The Burton double take buckle system with insta click is gorgeously so silky smooth and easy to operate in putting them on and off. Because I have a big foot I've always had problems in the distant past with standard straps slipping loose every now and then but the double take buckles/straps are absolutely set and forget. I've serviced a lot of boards in my time and I feel it has to be the best ratchet system going around.












Flex-slider......, where do we start here. So this tech' has a few pro's and cons. It's absolutely brilliant for the ease it enables you in planting your boot catch free directly into the binding frame with the strap completely folded out of the way.
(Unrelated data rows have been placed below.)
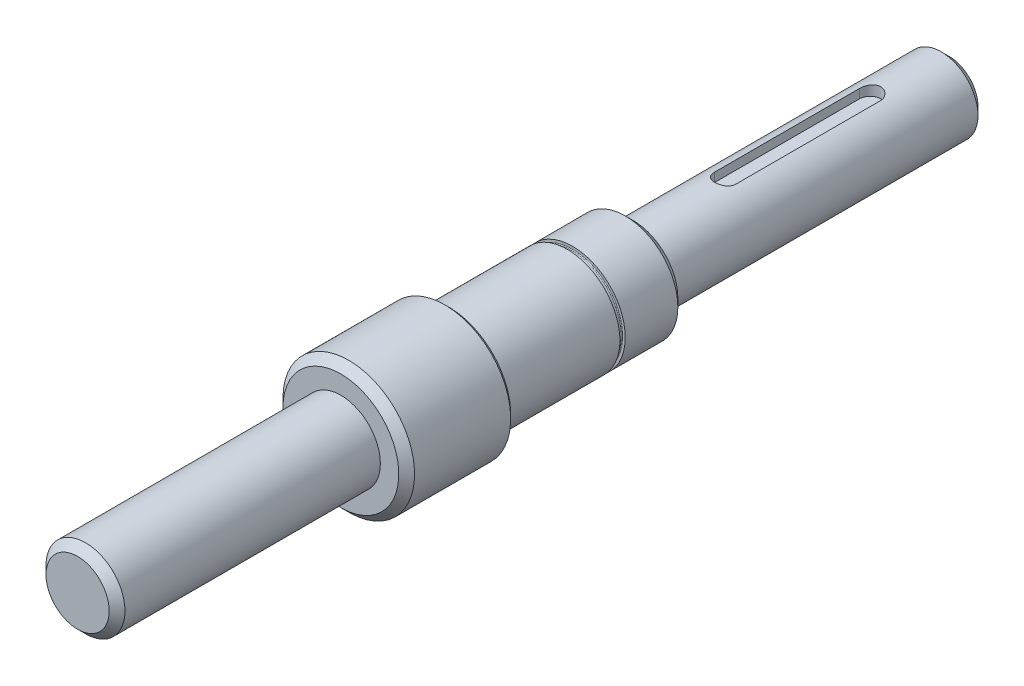
ISO-10303-21;
HEADER;
FILE_DESCRIPTION(('STEP AP214'),'2;1');
FILE_NAME('part.step','',(''),(''),'','','');
FILE_SCHEMA(('AUTOMOTIVE_DESIGN { 1 0 10303 214 1 1 1 1 }'));
ENDSEC;
DATA;
#1=APPLICATION_CONTEXT('core data for automotive mechanical design processes');
#2=APPLICATION_PROTOCOL_DEFINITION('international standard','automotive_design',2000,#1);
#3=PRODUCT_CONTEXT('',#1,'mechanical');
#4=PRODUCT('Part','Part','',(#3));
#5=PRODUCT_RELATED_PRODUCT_CATEGORY('part','',(#4));
#6=PRODUCT_DEFINITION_FORMATION('','',#4);
#7=PRODUCT_DEFINITION_CONTEXT('part definition',#1,'design');
#8=PRODUCT_DEFINITION('design','',#6,#7);
#9=PRODUCT_DEFINITION_SHAPE('','',#8);
#10=(LENGTH_UNIT() NAMED_UNIT(*) SI_UNIT(.MILLI.,.METRE.));
#11=(NAMED_UNIT(*) PLANE_ANGLE_UNIT() SI_UNIT($,.RADIAN.));
#12=(NAMED_UNIT(*) SI_UNIT($,.STERADIAN.) SOLID_ANGLE_UNIT());
#13=UNCERTAINTY_MEASURE_WITH_UNIT(LENGTH_MEASURE(1.E-05),#10,'distance_accuracy_value','');
#14=(GEOMETRIC_REPRESENTATION_CONTEXT(3) GLOBAL_UNCERTAINTY_ASSIGNED_CONTEXT((#13)) GLOBAL_UNIT_ASSIGNED_CONTEXT((#10,
#11,#12)) REPRESENTATION_CONTEXT('',''));
#15=CARTESIAN_POINT('',(0.,0.,0.));
#16=DIRECTION('',(0.,0.,1.));
#17=DIRECTION('',(1.,0.,0.));
#18=AXIS2_PLACEMENT_3D('',#15,#16,#17);
#19=CARTESIAN_POINT('',(0.,0.,0.));
#20=DIRECTION('',(0.,0.,1.));
#21=DIRECTION('',(1.,0.,0.));
#22=AXIS2_PLACEMENT_3D('',#19,#20,#21);
#23=CYLINDRICAL_SURFACE('',#22,20.);
#24=CARTESIAN_POINT('',(0.,0.,-186.));
#25=DIRECTION('',(0.,0.,-1.));
#26=DIRECTION('',(-1.,0.,0.));
#27=AXIS2_PLACEMENT_3D('',#24,#25,#26);
#28=CIRCLE('',#27,20.);
#29=CARTESIAN_POINT('',(-20.,0.,-186.));
#30=VERTEX_POINT('',#29);
#31=EDGE_CURVE('E124',#30,#30,#28,.T.);
#32=ORIENTED_EDGE('',*,*,#31,.F.);
#33=EDGE_LOOP('',(#32));
#34=FACE_BOUND('',#33,.T.);
#35=CARTESIAN_POINT('',(0.,0.,-141.));
#36=DIRECTION('',(0.,0.,-1.));
#37=DIRECTION('',(-1.,0.,0.));
#38=AXIS2_PLACEMENT_3D('',#35,#36,#37);
#39=CIRCLE('',#38,20.);
#40=CARTESIAN_POINT('',(-20.,0.,-141.));
#41=VERTEX_POINT('',#40);
#42=EDGE_CURVE('E111',#41,#41,#39,.T.);
#43=ORIENTED_EDGE('',*,*,#42,.T.);
#44=EDGE_LOOP('',(#43));
#45=FACE_BOUND('',#44,.T.);
#46=ADVANCED_FACE('F47',(#34,#45),#23,.T.);
#47=CARTESIAN_POINT('',(0.,0.,-186.));
#48=DIRECTION('',(0.,0.,-1.));
#49=DIRECTION('',(-1.,0.,0.));
#50=AXIS2_PLACEMENT_3D('',#47,#48,#49);
#51=PLANE('',#50);
#52=CARTESIAN_POINT('',(0.,0.,-186.));
#53=DIRECTION('',(0.,0.,-1.));
#54=DIRECTION('',(-1.,0.,0.));
#55=AXIS2_PLACEMENT_3D('',#52,#53,#54);
#56=CIRCLE('',#55,19.05);
#57=CARTESIAN_POINT('',(-19.05,0.,-186.));
#58=VERTEX_POINT('',#57);
#59=EDGE_CURVE('E167',#58,#58,#56,.F.);
#60=ORIENTED_EDGE('',*,*,#59,.T.);
#61=EDGE_LOOP('',(#60));
#62=FACE_BOUND('',#61,.T.);
#63=ORIENTED_EDGE('',*,*,#31,.T.);
#64=EDGE_LOOP('',(#63));
#65=FACE_BOUND('',#64,.T.);
#66=ADVANCED_FACE('F235',(#62,#65),#51,.T.);
#67=CARTESIAN_POINT('',(0.,0.,-188.));
#68=DIRECTION('',(0.,0.,-1.));
#69=DIRECTION('',(-1.,0.,0.));
#70=AXIS2_PLACEMENT_3D('',#67,#68,#69);
#71=PLANE('',#70);
#72=CARTESIAN_POINT('',(0.,0.,-188.));
#73=DIRECTION('',(0.,0.,-1.));
#74=DIRECTION('',(-1.,0.,0.));
#75=AXIS2_PLACEMENT_3D('',#72,#73,#74);
#76=CIRCLE('',#75,19.05);
#77=CARTESIAN_POINT('',(-19.05,0.,-188.));
#78=VERTEX_POINT('',#77);
#79=EDGE_CURVE('E166',#78,#78,#76,.T.);
#80=ORIENTED_EDGE('',*,*,#79,.T.);
#81=EDGE_LOOP('',(#80));
#82=FACE_BOUND('',#81,.T.);
#83=CARTESIAN_POINT('',(0.,0.,-188.));
#84=DIRECTION('',(0.,0.,-1.));
#85=DIRECTION('',(-1.,0.,0.));
#86=AXIS2_PLACEMENT_3D('',#83,#84,#85);
#87=CIRCLE('',#86,20.);
#88=CARTESIAN_POINT('',(-20.,0.,-188.));
#89=VERTEX_POINT('',#88);
#90=EDGE_CURVE('E121',#89,#89,#87,.T.);
#91=ORIENTED_EDGE('',*,*,#90,.F.);
#92=EDGE_LOOP('',(#91));
#93=FACE_BOUND('',#92,.T.);
#94=ADVANCED_FACE('F238',(#82,#93),#71,.F.);
#95=CARTESIAN_POINT('',(0.,0.,-186.));
#96=DIRECTION('',(0.,0.,-1.));
#97=DIRECTION('',(-1.,0.,0.));
#98=AXIS2_PLACEMENT_3D('',#95,#96,#97);
#99=CYLINDRICAL_SURFACE('',#98,18.75);
#100=CARTESIAN_POINT('',(0.,0.,-186.3));
#101=DIRECTION('',(0.,0.,-1.));
#102=DIRECTION('',(-1.,0.,0.));
#103=AXIS2_PLACEMENT_3D('',#100,#101,#102);
#104=CIRCLE('',#103,18.75);
#105=CARTESIAN_POINT('',(-18.75,0.,-186.3));
#106=VERTEX_POINT('',#105);
#107=EDGE_CURVE('E164',#106,#106,#104,.T.);
#108=ORIENTED_EDGE('',*,*,#107,.T.);
#109=EDGE_LOOP('',(#108));
#110=FACE_BOUND('',#109,.T.);
#111=CARTESIAN_POINT('',(0.,0.,-187.7));
#112=DIRECTION('',(0.,0.,-1.));
#113=DIRECTION('',(-1.,0.,0.));
#114=AXIS2_PLACEMENT_3D('',#111,#112,#113);
#115=CIRCLE('',#114,18.75);
#116=CARTESIAN_POINT('',(-18.75,0.,-187.7));
#117=VERTEX_POINT('',#116);
#118=EDGE_CURVE('E158',#117,#117,#115,.F.);
#119=ORIENTED_EDGE('',*,*,#118,.T.);
#120=EDGE_LOOP('',(#119));
#121=FACE_BOUND('',#120,.T.);
#122=ADVANCED_FACE('F205',(#110,#121),#99,.T.);
#123=CARTESIAN_POINT('',(0.,0.,-301.));
#124=DIRECTION('',(0.,0.,-1.));
#125=DIRECTION('',(-1.,0.,0.));
#126=AXIS2_PLACEMENT_3D('',#123,#124,#125);
#127=CONICAL_SURFACE('',#126,5.09999999999999,1.02974425867665);
#128=CARTESIAN_POINT('',(0.,0.,-297.935610842959));
#129=VERTEX_POINT('',#128);
#130=VERTEX_LOOP('',#129);
#131=FACE_BOUND('',#130,.T.);
#132=CARTESIAN_POINT('',(0.,0.,-301.));
#133=DIRECTION('',(0.,0.,-1.));
#134=DIRECTION('',(-1.,0.,0.));
#135=AXIS2_PLACEMENT_3D('',#132,#133,#134);
#136=CIRCLE('',#135,5.09999999999999);
#137=CARTESIAN_POINT('',(-5.09999999999999,0.,-301.));
#138=VERTEX_POINT('',#137);
#139=EDGE_CURVE('E134',#138,#138,#136,.T.);
#140=ORIENTED_EDGE('',*,*,#139,.T.);
#141=EDGE_LOOP('',(#140));
#142=FACE_BOUND('',#141,.T.);
#143=ADVANCED_FACE('F387',(#131,#142),#127,.F.);
#144=CARTESIAN_POINT('',(0.,0.,-331.));
#145=DIRECTION('',(0.,0.,-1.));
#146=DIRECTION('',(-1.,0.,0.));
#147=AXIS2_PLACEMENT_3D('',#144,#145,#146);
#148=CYLINDRICAL_SURFACE('',#147,5.09999999999999);
#149=ORIENTED_EDGE('',*,*,#139,.F.);
#150=EDGE_LOOP('',(#149));
#151=FACE_BOUND('',#150,.T.);
#152=CARTESIAN_POINT('',(0.,0.,-331.));
#153=DIRECTION('',(0.,0.,-1.));
#154=DIRECTION('',(-1.,0.,0.));
#155=AXIS2_PLACEMENT_3D('',#152,#153,#154);
#156=CIRCLE('',#155,5.1);
#157=CARTESIAN_POINT('',(-5.1,0.,-331.));
#158=VERTEX_POINT('',#157);
#159=EDGE_CURVE('E127',#158,#158,#156,.T.);
#160=ORIENTED_EDGE('',*,*,#159,.T.);
#161=EDGE_LOOP('',(#160));
#162=FACE_BOUND('',#161,.T.);
#163=ADVANCED_FACE('F386',(#151,#162),#148,.F.);
#164=CARTESIAN_POINT('',(0.,14.,-331.));
#165=DIRECTION('',(0.,0.,1.));
#166=DIRECTION('',(1.,0.,0.));
#167=AXIS2_PLACEMENT_3D('',#164,#165,#166);
#168=PLANE('',#167);
#169=ORIENTED_EDGE('',*,*,#159,.F.);
#170=EDGE_LOOP('',(#169));
#171=FACE_BOUND('',#170,.T.);
#172=CARTESIAN_POINT('',(0.,0.,-331.));
#173=DIRECTION('',(0.,0.,1.));
#174=DIRECTION('',(1.,0.,0.));
#175=AXIS2_PLACEMENT_3D('',#172,#173,#174);
#176=CIRCLE('',#175,11.0000000000001);
#177=CARTESIAN_POINT('',(11.0000000000001,0.,-331.));
#178=VERTEX_POINT('',#177);
#179=EDGE_CURVE('E160',#178,#178,#176,.F.);
#180=ORIENTED_EDGE('',*,*,#179,.T.);
#181=EDGE_LOOP('',(#180));
#182=FACE_BOUND('',#181,.T.);
#183=ADVANCED_FACE('F266',(#171,#182),#168,.F.);
#184=CARTESIAN_POINT('',(0.,0.,-328.));
#185=DIRECTION('',(0.,0.,1.));
#186=DIRECTION('',(1.,0.,0.));
#187=AXIS2_PLACEMENT_3D('',#184,#185,#186);
#188=CONICAL_SURFACE('',#187,14.,0.785398163397451);
#189=ORIENTED_EDGE('',*,*,#179,.F.);
#190=EDGE_LOOP('',(#189));
#191=FACE_BOUND('',#190,.T.);
#192=CARTESIAN_POINT('',(0.,0.,-328.));
#193=DIRECTION('',(0.,0.,1.));
#194=DIRECTION('',(1.,0.,0.));
#195=AXIS2_PLACEMENT_3D('',#192,#193,#194);
#196=CIRCLE('',#195,14.);
#197=CARTESIAN_POINT('',(14.,0.,-328.));
#198=VERTEX_POINT('',#197);
#199=EDGE_CURVE('E154',#198,#198,#196,.T.);
#200=ORIENTED_EDGE('',*,*,#199,.F.);
#201=EDGE_LOOP('',(#200));
#202=FACE_BOUND('',#201,.T.);
#203=ADVANCED_FACE('F257',(#191,#202),#188,.T.);
#204=CARTESIAN_POINT('',(0.,0.,0.));
#205=DIRECTION('',(0.,0.,1.));
#206=DIRECTION('',(1.,0.,0.));
#207=AXIS2_PLACEMENT_3D('',#204,#205,#206);
#208=CYLINDRICAL_SURFACE('',#207,14.);
#209=DIRECTION('',(0.,0.,1.));
#210=VECTOR('',#209,1.);
#211=CARTESIAN_POINT('',(-4.00000000000005,13.4164078649987,0.));
#212=LINE('',#211,#210);
#213=CARTESIAN_POINT('',(-4.00000000000001,13.4164078649987,-246.));
#214=VERTEX_POINT('',#213);
#215=CARTESIAN_POINT('',(-4.,13.4164078649987,-301.));
#216=VERTEX_POINT('',#215);
#217=EDGE_CURVE('E182',#214,#216,#212,.F.);
#218=ORIENTED_EDGE('',*,*,#217,.T.);
#219=CARTESIAN_POINT('',(-4.,13.4164078649987,-301.));
#220=CARTESIAN_POINT('',(-4.00001343424813,13.4163934343768,-301.110036938265));
#221=CARTESIAN_POINT('',(-3.99545969266926,13.417761265702,-301.220065459872));
#222=CARTESIAN_POINT('',(-3.97732232121695,13.4231542734801,-301.439287989373));
#223=CARTESIAN_POINT('',(-3.96374056379899,13.4271788988993,-301.548482165565));
#224=CARTESIAN_POINT('',(-3.92769415038321,13.4377658850065,-301.765008682583));
#225=CARTESIAN_POINT('',(-3.90525054417986,13.4443222312206,-301.872344810754));
#226=CARTESIAN_POINT('',(-3.85169716989989,13.4597622573638,-302.084633002554));
#227=CARTESIAN_POINT('',(-3.82058720849962,13.4686459892105,-302.189585012944));
#228=CARTESIAN_POINT('',(-3.71462722105447,13.4984072106126,-302.499717642999));
#229=CARTESIAN_POINT('',(-3.6271037719038,13.5224082651875,-302.700432400308));
#230=CARTESIAN_POINT('',(-3.42099335445292,13.5760110031023,-303.084316862067));
#231=CARTESIAN_POINT('',(-3.30239378136284,13.6056149576787,-303.267479405898));
#232=CARTESIAN_POINT('',(-3.03385514387189,13.6680345915526,-303.616369404888));
#233=CARTESIAN_POINT('',(-2.88318637668458,13.7009134336833,-303.78152502006));
#234=CARTESIAN_POINT('',(-2.55635049218509,13.7656378360174,-304.08460135598));
#235=CARTESIAN_POINT('',(-2.38017915468808,13.7974832241344,-304.222517560181));
#236=CARTESIAN_POINT('',(-2.00328797864422,13.8572672913436,-304.46965938831));
#237=CARTESIAN_POINT('',(-1.80217262010784,13.885122326296,-304.57830390558));
#238=CARTESIAN_POINT('',(-1.38360719231062,13.9330517158678,-304.760007003573));
#239=CARTESIAN_POINT('',(-1.1661610438381,13.9531279309862,-304.833074094601));
#240=CARTESIAN_POINT('',(-0.727119470413165,13.9827902284191,-304.939668316764));
#241=CARTESIAN_POINT('',(-0.505780313916704,13.9926363331616,-304.974177311461));
#242=CARTESIAN_POINT('',(-0.0602449633135534,14.0016419286283,-305.005773527505));
#243=CARTESIAN_POINT('',(0.163950738694262,14.0008032358133,-305.002867109631));
#244=CARTESIAN_POINT('',(0.601961495843499,13.9887201082301,-304.960387183875));
#245=CARTESIAN_POINT('',(0.815889248066107,13.9777773149303,-304.921876540054));
#246=CARTESIAN_POINT('',(1.23410663687488,13.9470775079522,-304.811008876966));
#247=CARTESIAN_POINT('',(1.43839578630405,13.9273200492871,-304.738650148951));
#248=CARTESIAN_POINT('',(1.8341490169319,13.8807804985664,-304.561381109693));
#249=CARTESIAN_POINT('',(2.02544821255194,13.8539238723959,-304.456123112832));
#250=CARTESIAN_POINT('',(2.38801825135017,13.7960546774321,-304.216306263055));
#251=CARTESIAN_POINT('',(2.55928501856377,13.7650412656095,-304.081741463019));
#252=CARTESIAN_POINT('',(2.88324485398745,13.7009177251593,-303.781613203087));
#253=CARTESIAN_POINT('',(3.03507809124178,13.6677722027509,-303.615129667492));
#254=CARTESIAN_POINT('',(3.30897556854654,13.6040627781022,-303.258573557128));
#255=CARTESIAN_POINT('',(3.43103136574908,13.573499609643,-303.068494315225));
#256=CARTESIAN_POINT('',(3.58945338157004,13.5321405016799,-302.768841328102));
#257=CARTESIAN_POINT('',(3.63832313759783,13.5190503394637,-302.666010156567));
#258=CARTESIAN_POINT('',(3.72718558970198,13.4948216745023,-302.456373741282));
#259=CARTESIAN_POINT('',(3.76718189032699,13.4836823796704,-302.349570131867));
#260=CARTESIAN_POINT('',(3.83791732102716,13.463719461374,-302.132861334789));
#261=CARTESIAN_POINT('',(3.86866612224973,13.4548934199316,-302.022959519801));
#262=CARTESIAN_POINT('',(3.92067829243348,13.4398293634308,-301.800804060039));
#263=CARTESIAN_POINT('',(3.9419460559715,13.4335901494402,-301.688551530165));
#264=CARTESIAN_POINT('',(3.97223001063663,13.4246640965205,-301.480267797862));
#265=CARTESIAN_POINT('',(3.98264484818433,13.4215735027143,-301.384454640876));
#266=CARTESIAN_POINT('',(3.99652828145244,13.4174428037393,-301.192430219405));
#267=CARTESIAN_POINT('',(4.00000747148811,13.4163995712304,-301.096219787408));
#268=CARTESIAN_POINT('',(4.,13.4164078649987,-301.));
#269=B_SPLINE_CURVE_WITH_KNOTS('',3,(#219,#220,#221,#222,#223,#224,#225,#226,#227,#228,#229,
#230,#231,#232,#233,#234,#235,#236,#237,#238,#239,#240,#241,#242,#243,#244,#245,#246,#247,#248,
#249,#250,#251,#252,#253,#254,#255,#256,#257,#258,#259,#260,#261,#262,#263,#264,#265,#266,#267,
#268),.UNSPECIFIED.,.F.,.F.,(4,2,2,2,2,2,2,2,2,2,2,2,2,2,2,2,2,2,2,2,2,2,2,2,4),(0.,
0.32999374304361,0.659919065086379,0.98906537585001,1.31821902959231,1.97575167696559,
2.6335514401874,3.30832474645295,3.98320984263715,4.67064278038706,5.35791119973412,
6.02724874934375,6.69647251025091,7.34634193868017,7.99624417788576,8.65326120487291,
9.31041168231768,9.99056134493204,10.6709036279931,11.0143588121195,11.357674222404,
11.700629330619,12.0434253092463,12.3324405185762,12.6210139131113),.UNSPECIFIED.);
#270=CARTESIAN_POINT('',(4.,13.4164078649987,-301.));
#271=VERTEX_POINT('',#270);
#272=EDGE_CURVE('E203',#216,#271,#269,.T.);
#273=ORIENTED_EDGE('',*,*,#272,.T.);
#274=DIRECTION('',(0.,0.,1.));
#275=VECTOR('',#274,1.);
#276=CARTESIAN_POINT('',(3.99999999999997,13.4164078649987,0.));
#277=LINE('',#276,#275);
#278=CARTESIAN_POINT('',(3.99999999999997,13.4164078649987,-246.));
#279=VERTEX_POINT('',#278);
#280=EDGE_CURVE('E91',#271,#279,#277,.T.);
#281=ORIENTED_EDGE('',*,*,#280,.T.);
#282=CARTESIAN_POINT('',(3.99999999999999,13.4164078649987,-246.));
#283=CARTESIAN_POINT('',(4.00001343424813,13.4163934343768,-245.889963061735));
#284=CARTESIAN_POINT('',(3.99545969266926,13.417761265702,-245.779934540128));
#285=CARTESIAN_POINT('',(3.97732232121694,13.4231542734801,-245.560712010627));
#286=CARTESIAN_POINT('',(3.96374056379898,13.4271788988993,-245.451517834435));
#287=CARTESIAN_POINT('',(3.9276941503832,13.4377658850065,-245.234991317418));
#288=CARTESIAN_POINT('',(3.90525054417985,13.4443222312206,-245.127655189246));
#289=CARTESIAN_POINT('',(3.85169716989988,13.4597622573638,-244.915366997446));
#290=CARTESIAN_POINT('',(3.82058720849961,13.4686459892105,-244.810414987056));
#291=CARTESIAN_POINT('',(3.71462722105447,13.4984072106126,-244.500282357001));
#292=CARTESIAN_POINT('',(3.62710377190382,13.5224082651875,-244.299567599693));
#293=CARTESIAN_POINT('',(3.42099335445293,13.5760110031023,-243.915683137933));
#294=CARTESIAN_POINT('',(3.30239378136283,13.6056149576788,-243.732520594102));
#295=CARTESIAN_POINT('',(3.03385514387187,13.6680345915527,-243.383630595112));
#296=CARTESIAN_POINT('',(2.88318637668458,13.7009134336833,-243.21847497994));
#297=CARTESIAN_POINT('',(2.55635049218508,13.7656378360174,-242.91539864402));
#298=CARTESIAN_POINT('',(2.38017915468807,13.7974832241344,-242.777482439819));
#299=CARTESIAN_POINT('',(2.00328797864421,13.8572672913436,-242.53034061169));
#300=CARTESIAN_POINT('',(1.80217262010786,13.885122326296,-242.42169609442));
#301=CARTESIAN_POINT('',(1.38360719231065,13.9330517158678,-242.239992996427));
#302=CARTESIAN_POINT('',(1.16616104383813,13.9531279309862,-242.166925905399));
#303=CARTESIAN_POINT('',(0.727119470413182,13.9827902284191,-242.060331683236));
#304=CARTESIAN_POINT('',(0.505780313916717,13.9926363331616,-242.025822688539));
#305=CARTESIAN_POINT('',(0.0602449633135534,14.0016419286283,-241.994226472495));
#306=CARTESIAN_POINT('',(-0.163950738694273,14.0008032358133,-241.997132890369));
#307=CARTESIAN_POINT('',(-0.601961495843524,13.9887201082301,-242.039612816125));
#308=CARTESIAN_POINT('',(-0.815889248066136,13.9777773149303,-242.078123459946));
#309=CARTESIAN_POINT('',(-1.2341066368749,13.9470775079522,-242.188991123034));
#310=CARTESIAN_POINT('',(-1.43839578630406,13.9273200492871,-242.261349851049));
#311=CARTESIAN_POINT('',(-1.8341490169319,13.8807804985664,-242.438618890307));
#312=CARTESIAN_POINT('',(-2.02544821255194,13.8539238723959,-242.543876887169));
#313=CARTESIAN_POINT('',(-2.38801825135016,13.7960546774321,-242.783693736945));
#314=CARTESIAN_POINT('',(-2.55928501856377,13.7650412656095,-242.918258536981));
#315=CARTESIAN_POINT('',(-2.88324485398744,13.7009177251593,-243.218386796913));
#316=CARTESIAN_POINT('',(-3.03507809124177,13.6677722027509,-243.384870332508));
#317=CARTESIAN_POINT('',(-3.30897556854653,13.6040627781022,-243.741426442872));
#318=CARTESIAN_POINT('',(-3.43103136574906,13.573499609643,-243.931505684775));
#319=CARTESIAN_POINT('',(-3.58945338157004,13.5321405016799,-244.231158671898));
#320=CARTESIAN_POINT('',(-3.63832313759783,13.5190503394637,-244.333989843433));
#321=CARTESIAN_POINT('',(-3.72718558970199,13.4948216745023,-244.543626258718));
#322=CARTESIAN_POINT('',(-3.767181890327,13.4836823796704,-244.650429868133));
#323=CARTESIAN_POINT('',(-3.83791732102718,13.463719461374,-244.867138665211));
#324=CARTESIAN_POINT('',(-3.86866612224974,13.4548934199316,-244.977040480199));
#325=CARTESIAN_POINT('',(-3.92067829243349,13.4398293634308,-245.199195939961));
#326=CARTESIAN_POINT('',(-3.94194605597151,13.4335901494402,-245.311448469835));
#327=CARTESIAN_POINT('',(-3.97223001063664,13.4246640965205,-245.519732202138));
#328=CARTESIAN_POINT('',(-3.98264484818435,13.4215735027143,-245.615545359124));
#329=CARTESIAN_POINT('',(-3.99652828145244,13.4174428037393,-245.807569780596));
#330=CARTESIAN_POINT('',(-4.00000747148811,13.4163995712304,-245.903780212592));
#331=CARTESIAN_POINT('',(-4.00000000000001,13.4164078649987,-246.));
#332=B_SPLINE_CURVE_WITH_KNOTS('',3,(#282,#283,#284,#285,#286,#287,#288,#289,#290,#291,#292,
#293,#294,#295,#296,#297,#298,#299,#300,#301,#302,#303,#304,#305,#306,#307,#308,#309,#310,#311,
#312,#313,#314,#315,#316,#317,#318,#319,#320,#321,#322,#323,#324,#325,#326,#327,#328,#329,#330,
#331),.UNSPECIFIED.,.F.,.F.,(4,2,2,2,2,2,2,2,2,2,2,2,2,2,2,2,2,2,2,2,2,2,2,2,4),(0.,
0.329993743043637,0.65991906508638,0.989065375850039,1.31821902959231,1.97575167696556,
2.63355144018741,3.30832474645297,3.98320984263714,4.67064278038705,5.35791119973408,
6.02724874934374,6.69647251025093,7.3463419386802,7.99624417788576,8.65326120487288,
9.31041168231765,9.99056134493198,10.6709036279931,11.0143588121194,11.357674222404,
11.700629330619,12.0434253092463,12.3324405185763,12.6210139131113),.UNSPECIFIED.);
#333=EDGE_CURVE('E174',#279,#214,#332,.T.);
#334=ORIENTED_EDGE('',*,*,#333,.T.);
#335=EDGE_LOOP('',(#218,#273,#281,#334));
#336=FACE_BOUND('',#335,.T.);
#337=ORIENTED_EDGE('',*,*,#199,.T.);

But, it lays flat on the board and when coming of a lift it's very easy to step on the hammock strap when you're planing it one footed out of the chair. My son tore the hinge 50% doing this after a few runs on a new set of bindings. Burton Australia were absolutely brilliant and sent us 2 free of charge so I now have a spare. Lucky it has a lifetime warranty. I've now coached him to follow what I've been doing for a number of years now in just doing up the top ratchet when you break out before you step on the lifts. This prevents the likelihood of the strap breaking from being trodden on.












Well I frigging absolutely love these bindings and would always recommend them to anyone who is looking at the high end range in EST®. Come to think of it I wouldn't even consider anything else......, just grab these, you won't be disappointed.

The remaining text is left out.